● **Goal of the exercise**:
Only certain lines below are wanted: those starting at the line containing "circle A0 centre" and ending at the line containing "line L3 (-80.479561, 73.133699)", both included, each retyped exactly.

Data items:
((

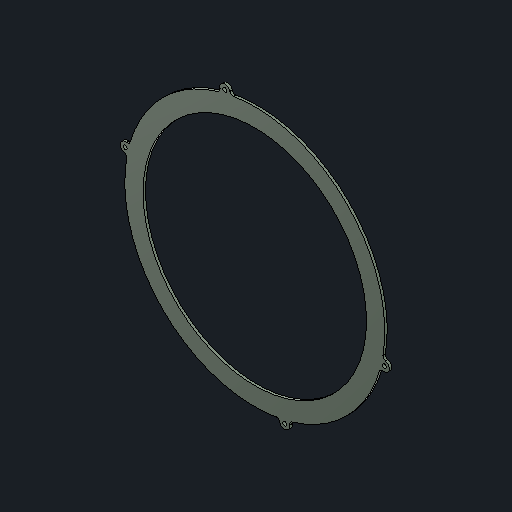
# Autodesk Inventor part: LineSensor
Saved by Autodesk Inventor 2024.2 (Build 282272000, 272)
## iProperties
Created: 2023-12-21
Part Number: LineSensor
Material: 一般
Document SubType Name: Modeling
Designer: Hanaoka
Density: 1 g/cm^3
Appearance: 既定
Author: Hanaoka
Autodesk Inventor part; units mm, degrees
ref_plane "YZ Plane" through (0, 0, 0) normal (1, 0, 0) x (0, 1, 0)
ref_plane "XZ Plane" through (0, 0, 0) normal (0, 1, 0) x (-1, 0, 0)
ref_plane "作業平面1" through (0, 0, 0) normal (0, 0, 1) x (1, 0, 0)
sketch "スケッチ1" plane through (0, 0, 0) normal (0, 0, 1) x (1, 0, 0)
  circle A0 centre (-14.624772, 63.539385) radius 64
  arc A1 (-81.893775, 52.547912) -> (-80.479561, 53.962126) centre (-81.186668, 53.255019) ccw
  line L0 (-81.893775, 52.547912) -> (-83.065348, 52.547912)
  arc A2 (-84.479561, 53.962126) -> (-83.065348, 52.547912) centre (-83.772455, 53.255019) ccw
  line L1 (-84.479561, 53.962126) -> (-84.479561, 73.133699)
  arc A3 (-83.065348, 74.547912) -> (-84.479561, 73.133699) centre (-83.772455, 73.840806) ccw
  line L2 (-83.065348, 74.547912) -> (-81.893775, 74.547912)
  arc A4 (-80.479561, 73.133699) -> (-81.893775, 74.547912) centre (-81.186668, 73.840806) ccw
  line L3 (-80.479561, 73.133699) -> (-80.479561, 53.962126)
  arc A5 (-3.479561, 132.133699) -> (-4.893775, 133.547912) centre (-4.186668, 132.840806) ccw
  line L4 (-3.479561, 132.133699) -> (-3.479561, 130.962126)
  arc A6 (-4.893775, 129.547912) -> (-3.479561, 130.962126) centre (-4.186668, 130.255019) ccw
  line L5 (-4.893775, 129.547912) -> (-24.065348, 129.547912)
  arc A7 (-25.479561, 130.962126) -> (-24.065348, 129.547912) centre (-24.772455, 130.255019) ccw
  line L6 (-25.479561, 130.962126) -> (-25.479561, 132.133699)
  arc A8 (-24.065348, 133.547912) -> (-25.479561, 132.133699) centre (-24.772455, 132.840806) ccw
  line L7 (-24.065348, 133.547912) -> (-4.893775, 133.547912)
  arc A9 (54.106225, 52.547912) -> (55.520439, 53.962126) centre (54.813332, 53.255019) ccw
  line L8 (54.106225, 52.547912) -> (52.934652, 52.547912)
  arc A10 (51.520439, 53.962126) -> (52.934652, 52.547912) centre (52.227545, 53.255019) ccw
  line L9 (51.520439, 53.962126) -> (51.520439, 73.133699)
  arc A11 (52.934652, 74.547912) -> (51.520439, 73.133699) centre (52.227545, 73.840806) ccw
  line L10 (52.934652, 74.547912) -> (54.106225, 74.547912)
  arc A12 (55.520439, 73.133699) -> (54.106225, 74.547912) centre (54.813332, 73.840806) ccw
  line L11 (55.520439, 73.133699) -> (55.520439, 53.962126)
  arc A13 (-25.479561, -5.037874) -> (-24.065348, -6.452088) centre (-24.772455, -5.744981) ccw
  line L12 (-25.479561, -5.037874) -> (-25.479561, -3.866301)
  arc A14 (-24.065348, -2.452088) -> (-25.479561, -3.866301) centre (-24.772455, -3.159194) ccw
  line L13 (-24.065348, -2.452088) -> (-4.893775, -2.452088)
  arc A15 (-3.479561, -3.866301) -> (-4.893775, -2.452088) centre (-4.186668, -3.159194) ccw
  line L14 (-3.479561, -3.866301) -> (-3.479561, -5.037874)
  arc A16 (-4.893775, -6.452088) -> (-3.479561, -5.037874) centre (-4.186668, -5.744981) ccw
  line L15 (-4.893775, -6.452088) -> (-24.065348, -6.452088)
  arc A17 (-90.380937, 104.093949) -> (-92.776199, 103.718007) centre (-91.441598, 103.033289) ccw
  arc A18 (-92.776199, 103.718007) -> (-98.248191, 90.50745) centre (-14.479561, 63.547912) ccw
  arc A19 (-98.248191, 90.50745) -> (-96.820317, 88.547912) centre (-96.820317, 90.047912) ccw
  line L16 (-96.820317, 88.547912) -> (-88.479561, 88.547912)
  arc A20 (-86.479561, 86.547912) -> (-88.479561, 88.547912) centre (-88.479561, 86.547912) ccw
  line L17 (-86.479561, 86.547912) -> (-86.479561, 40.547912)
  arc A21 (-88.479561, 38.547912) -> (-86.479561, 40.547912) centre (-88.479561, 40.547912) ccw
  line L18 (-88.479561, 38.547912) -> (-96.820317, 38.547912)
  arc A22 (-96.820317, 38.547912) -> (-98.248191, 36.588375) centre (-96.820317, 37.047912) ccw
  arc A23 (-98.248191, 36.588375) -> (-41.439099, -20.220717) centre (-14.479561, 63.547912) ccw
  arc A24 (-41.439099, -20.220717) -> (-39.479561, -18.792843) centre (-40.979561, -18.792843) ccw
  line L19 (-39.479561, -18.792843) -> (-39.479561, -10.452088)
  arc A25 (-37.479561, -8.452088) -> (-39.479561, -10.452088) centre (-37.479561, -10.452088) ccw
  line L20 (-37.479561, -8.452088) -> (8.520439, -8.452088)
  arc A26 (10.520439, -10.452088) -> (8.520439, -8.452088) centre (8.520439, -10.452088) ccw
  line L21 (10.520439, -10.452088) -> (10.520439, -18.792843)
  arc A27 (10.520439, -18.792843) -> (12.479976, -20.220717) centre (12.020439, -18.792843) ccw
  arc A28 (12.479976, -20.220717) -> (25.690533, -14.748726) centre (-14.479561, 63.547912) ccw
  arc A29 (25.690533, -14.748726) -> (26.066476, -12.353464) centre (25.005815, -13.414124) ccw
  line L22 (26.066476, -12.353464) -> (20.079693, -6.366681)
  arc A30 (20.079693, -2.124041) -> (20.079693, -6.366681) centre (22.201014, -4.245361) ccw
  line L23 (20.079693, -2.124041) -> (22.554567, 0.350833)
  arc A31 (55.435032, 28.988658) -> (51.192392, 28.988658) centre (53.313712, 26.867337) ccw
  line L24 (55.435032, 28.988658) -> (61.421815, 23.001875)
  arc A32 (61.421815, 23.001875) -> (63.817077, 23.377818) centre (62.482475, 24.062536) ccw
  arc A33 (63.817077, 23.377818) -> (69.289068, 36.588375) centre (-14.479561, 63.547912) ccw
  arc A34 (69.289068, 36.588375) -> (67.861194, 38.547912) centre (67.861194, 37.047912) ccw
  line L25 (67.861194, 38.547912) -> (59.520439, 38.547912)
  arc A35 (57.520439, 40.547912) -> (59.520439, 38.547912) centre (59.520439, 40.547912) ccw
  line L26 (57.520439, 40.547912) -> (57.520439, 86.547912)
  arc A36 (59.520439, 88.547912) -> (57.520439, 86.547912) centre (59.520439, 86.547912) ccw
  line L27 (59.520439, 88.547912) -> (67.861194, 88.547912)
  arc A37 (67.861194, 88.547912) -> (69.289068, 90.50745) centre (67.861194, 90.047912) ccw
  arc A38 (69.289068, 90.50745) -> (12.479976, 147.316542) centre (-14.479561, 63.547912) ccw
  arc A39 (12.479976, 147.316542) -> (10.520439, 145.888668) centre (12.020439, 145.888668) ccw
  line L28 (10.520439, 145.888668) -> (10.520439, 137.547912)
  arc A40 (8.520439, 135.547912) -> (10.520439, 137.547912) centre (8.520439, 137.547912) ccw
  line L29 (8.520439, 135.547912) -> (-37.479561, 135.547912)
  arc A41 (-39.479561, 137.547912) -> (-37.479561, 135.547912) centre (-37.479561, 137.547912) ccw
  line L30 (-39.479561, 137.547912) -> (-39.479561, 145.888668)
  arc A42 (-39.479561, 145.888668) -> (-41.439099, 147.316542) centre (-40.979561, 145.888668) ccw
  arc A43 (-41.439099, 147.316542) -> (-54.649656, 141.84455) centre (-14.479561, 63.547912) ccw
  arc A44 (-54.649656, 141.84455) -> (-55.025598, 139.449288) centre (-53.964938, 140.509949) ccw
  line L31 (-55.025598, 139.449288) -> (-49.038816, 133.462506)
  arc A45 (-49.038816, 129.219865) -> (-49.038816, 133.462506) centre (-51.160136, 131.341186) ccw
  line L32 (-54.342117, 123.916565) -> (-74.848214, 103.410468)
  arc A46 (-84.394155, 98.107167) -> (-80.151514, 98.107167) centre (-82.272835, 100.228487) ccw
  line L33 (-84.394155, 98.107167) -> (-90.380937, 104.093949)
  arc A47 (-32.657783, 124.912008) -> (-31.62228, 126.687656) centre (-33.083835, 126.350229) ccw
  line L34 (-31.62228, 126.687656) -> (-31.649781, 126.806774)
  arc A48 (-26.77793, 127.931529) -> (-31.649781, 126.806774) centre (-29.213855, 127.369152) ccw
  line L35 (-26.77793, 127.931529) -> (-26.75043, 127.812411)
  arc A49 (-26.75043, 127.812411) -> (-25.041333, 126.670404) centre (-25.288875, 128.149838) ccw
  arc A50 (48.642931, 52.986141) -> (-25.041333, 126.670404) centre (-14.479561, 63.547912) ccw
  arc A51 (48.642931, 52.986141) -> (49.784937, 51.277044) centre (50.122364, 52.738599) ccw
  line L36 (49.784937, 51.277044) -> (49.904056, 51.249544)
  arc A52 (48.7793, 46.377693) -> (49.904056, 51.249544) centre (49.341678, 48.813618) ccw
  line L37 (48.7793, 46.377693) -> (48.660182, 46.405194)
  arc A53 (48.660182, 46.405194) -> (46.884535, 45.369691) centre (48.322756, 44.943639) ccw
  arc A54 (3.69866, 2.183817) -> (46.884535, 45.369691) centre (-14.479561, 63.547912) ccw
  arc A55 (3.69866, 2.183817) -> (2.663157, 0.408169) centre (4.124712, 0.745596) ccw
  line L38 (2.663157, 0.408169) -> (2.690658, 0.289051)
  arc A56 (-2.181192, -0.835704) -> (2.690658, 0.289051) centre (0.254733, -0.273327) ccw
  line L39 (-2.181192, -0.835704) -> (-2.208693, -0.716586)
  arc A57 (-2.208693, -0.716586) -> (-3.91779, 0.425421) centre (-3.670248, -1.054013) ccw
  arc A58 (-77.602053, 74.109684) -> (-3.91779, 0.425421) centre (-14.479561, 63.547912) ccw
  arc A59 (-77.602053, 74.109684) -> (-78.74406, 75.818781) centre (-79.081487, 74.357226) ccw
  line L40 (-78.74406, 75.818781) -> (-78.863178, 75.846281)
  arc A60 (-77.738423, 80.718132) -> (-78.863178, 75.846281) centre (-78.300801, 78.282206) ccw
  line L41 (-77.738423, 80.718132) -> (-77.619305, 80.690631)
  arc A61 (-77.619305, 80.690631) -> (-75.843657, 81.726134) centre (-77.281878, 82.152186) ccw
  arc A62 (-32.657783, 124.912008) -> (-75.843657, 81.726134) centre (-14.479561, 63.547912) ccw
  circle A63 centre (65.069166, 92.047912) radius 2.5
  circle A64 centre (-42.979561, -16.000815) radius 2.5
  circle A65 centre (14.020439, 143.09664) radius 2.5
  circle A66 centre (-94.028289, 35.047912) radius 2.5
  circle A67 centre (49.341678, 48.813618) radius 1
  circle A68 centre (0.254733, -0.273327) radius 1
  circle A69 centre (-78.300801, 78.282206) radius 1
  circle A70 centre (-29.213855, 127.369152) radius 1
  circle A71 centre (-14.479561, 63.547912) radius 55
  circle A72 centre (19.135053, 141.074087) radius 2
  circle A73 centre (63.046613, 97.162527) radius 2
  circle A74 centre (2.020439, 127.968406) radius 2
  circle A75 centre (49.940932, 80.047912) radius 2
  line L42 (-74.848214, 103.410468) -> (-72.019786, 100.582041)
  line L43 (-71.31268, 99.874934) -> (-74.141107, 97.046507)
  line L44 (-74.848214, 97.753614) -> (-77.676641, 100.582041)
  line L45 (-49.038816, 129.219865) -> (-51.51369, 126.744992)
  line L46 (-51.51369, 126.744992) -> (-48.685263, 123.916565)
  line L47 (-47.978156, 123.209458) -> (-50.806583, 120.381031)
  line L48 (-51.51369, 121.088137) -> (-54.342117, 123.916565)
  arc A76 (-47.978156, 123.209458) -> (-48.685263, 123.916565) centre (-48.331709, 123.563011) ccw
  arc A77 (-51.51369, 121.088137) -> (-50.806583, 120.381031) centre (-51.160136, 120.734584) ccw
  arc A78 (-71.31268, 99.874934) -> (-72.019786, 100.582041) centre (-71.666233, 100.228487) ccw
  arc A79 (-74.848214, 97.753614) -> (-74.141107, 97.046507) centre (-74.49466, 97.40006) ccw
  line L49 (-77.676641, 100.582041) -> (-80.151514, 98.107167)
  line L50 (22.554567, 0.350833) -> (19.72614, 3.17926)
  arc A80 (19.019033, 3.886367) -> (19.72614, 3.17926) centre (19.372587, 3.532814) ccw
  line L51 (19.019033, 3.886367) -> (21.84746, 6.714794)
  arc A81 (22.554567, 6.007687) -> (21.84746, 6.714794) centre (22.201014, 6.361241) ccw
  line L52 (22.554567, 6.007687) -> (25.382994, 3.17926)
  line L53 (25.382994, 3.17926) -> (45.889091, 23.685357)
  line L54 (45.889091, 23.685357) -> (43.060664, 26.513784)
  arc A82 (42.353557, 27.220891) -> (43.060664, 26.513784) centre (42.70711, 26.867337) ccw
  line L55 (42.353557, 27.220891) -> (45.181984, 30.049318)
  arc A83 (45.889091, 29.342211) -> (45.181984, 30.049318) centre (45.535537, 29.695765) ccw
  line L56 (45.889091, 29.342211) -> (48.717518, 26.513784)
  line L57 (48.717518, 26.513784) -> (51.192392, 28.988658)
  point P0 (0, 0)
  dimension "d0" = 2
  dimension "d3" = 110
  constraints: 6 centre point, 5 coincident, 4 equal radius
  measures "d0" diameter of A70
  measures "d3" diameter of A71
sketch "スケッチ1 outline for 押し出し1" plane through (0, 0, 0) normal (0, 0, 1) x (1, 0, 0)
  line L0 (-78.863178, 75.846281) -> (-78.74406, 75.818781)
  arc A0 (-77.738423, 80.718132) -> (-78.863178, 75.846281) centre (-78.300801, 78.282206) ccw
  arc A1 (-78.74406, 75.818781) -> (-77.602053, 74.109684) centre (-79.081487, 74.357226) cw
  line L1 (-77.619305, 80.690631) -> (-77.738423, 80.718132)
  arc A2 (-77.602053, 74.109684) -> (-3.91779, 0.425421) centre (-14.479561, 63.547912) ccw
  arc A3 (-75.843657, 81.726134) -> (-77.619305, 80.690631) centre (-77.281878, 82.152186) cw
  arc A4 (-3.91779, 0.425421) -> (-2.208693, -0.716586) centre (-3.670248, -1.054013) cw
  arc A5 (-32.657783, 124.912008) -> (-75.843657, 81.726134) centre (-14.479561, 63.547912) ccw
  line L2 (-2.208693, -0.716586) -> (-2.181192, -0.835704)
  arc A6 (-31.62228, 126.687656) -> (-32.657783, 124.912008) centre (-33.083835, 126.350229) cw
  arc A7 (-2.181192, -0.835704) -> (2.690658, 0.289051) centre (0.254733, -0.273327) ccw
  line L3 (-31.649781, 126.806774) -> (-31.62228, 126.687656)
  line L4 (2.690658, 0.289051) -> (2.663157, 0.408169)
  arc A8 (-26.77793, 127.931529) -> (-31.649781, 126.806774) centre (-29.213855, 127.369152) ccw
  arc A9 (2.663157, 0.408169) -> (3.69866, 2.183817) centre (4.124712, 0.745596) cw
  line L5 (-26.75043, 127.812411) -> (-26.77793, 127.931529)
  arc A10 (3.69866, 2.183817) -> (46.884535, 45.369691) centre (-14.479561, 63.547912) ccw
  arc A11 (-25.041333, 126.670404) -> (-26.75043, 127.812411) centre (-25.288875, 128.149838) cw
  arc A12 (46.884535, 45.369691) -> (48.660182, 46.405194) centre (48.322756, 44.943639) cw
  arc A13 (48.642931, 52.986141) -> (-25.041333, 126.670404) centre (-14.479561, 63.547912) ccw
  line L6 (48.660182, 46.405194) -> (48.7793, 46.377693)
  arc A14 (49.784937, 51.277044) -> (48.642931, 52.986141) centre (50.122364, 52.738599) cw
  arc A15 (48.7793, 46.377693) -> (49.904056, 51.249544) centre (49.341678, 48.813618) ccw
  line L7 (49.904056, 51.249544) -> (49.784937, 51.277044)
  circle A16 centre (0.254733, -0.273327) radius 1
  circle A17 centre (-14.479561, 63.547912) radius 55
  circle A18 centre (49.341678, 48.813618) radius 1
  circle A19 centre (-78.300801, 78.282206) radius 1
  circle A20 centre (-29.213855, 127.369152) radius 1
extrude "押し出し1" add sketch "スケッチ1 outline for 押し出し1" along normal blind 1.2

))

● **Output for this exercise**:
  circle A0 centre (-14.624772, 63.539385) radius 64
  arc A1 (-81.893775, 52.547912) -> (-80.479561, 53.962126) centre (-81.186668, 53.255019) ccw
  line L0 (-81.893775, 52.547912) -> (-83.065348, 52.547912)
  arc A2 (-84.479561, 53.962126) -> (-83.065348, 52.547912) centre (-83.772455, 53.255019) ccw
  line L1 (-84.479561, 53.962126) -> (-84.479561, 73.133699)
  arc A3 (-83.065348, 74.547912) -> (-84.479561, 73.133699) centre (-83.772455, 73.840806) ccw
  line L2 (-83.065348, 74.547912) -> (-81.893775, 74.547912)
  arc A4 (-80.479561, 73.133699) -> (-81.893775, 74.547912) centre (-81.186668, 73.840806) ccw
  line L3 (-80.479561, 73.133699) -> (-80.479561, 53.962126)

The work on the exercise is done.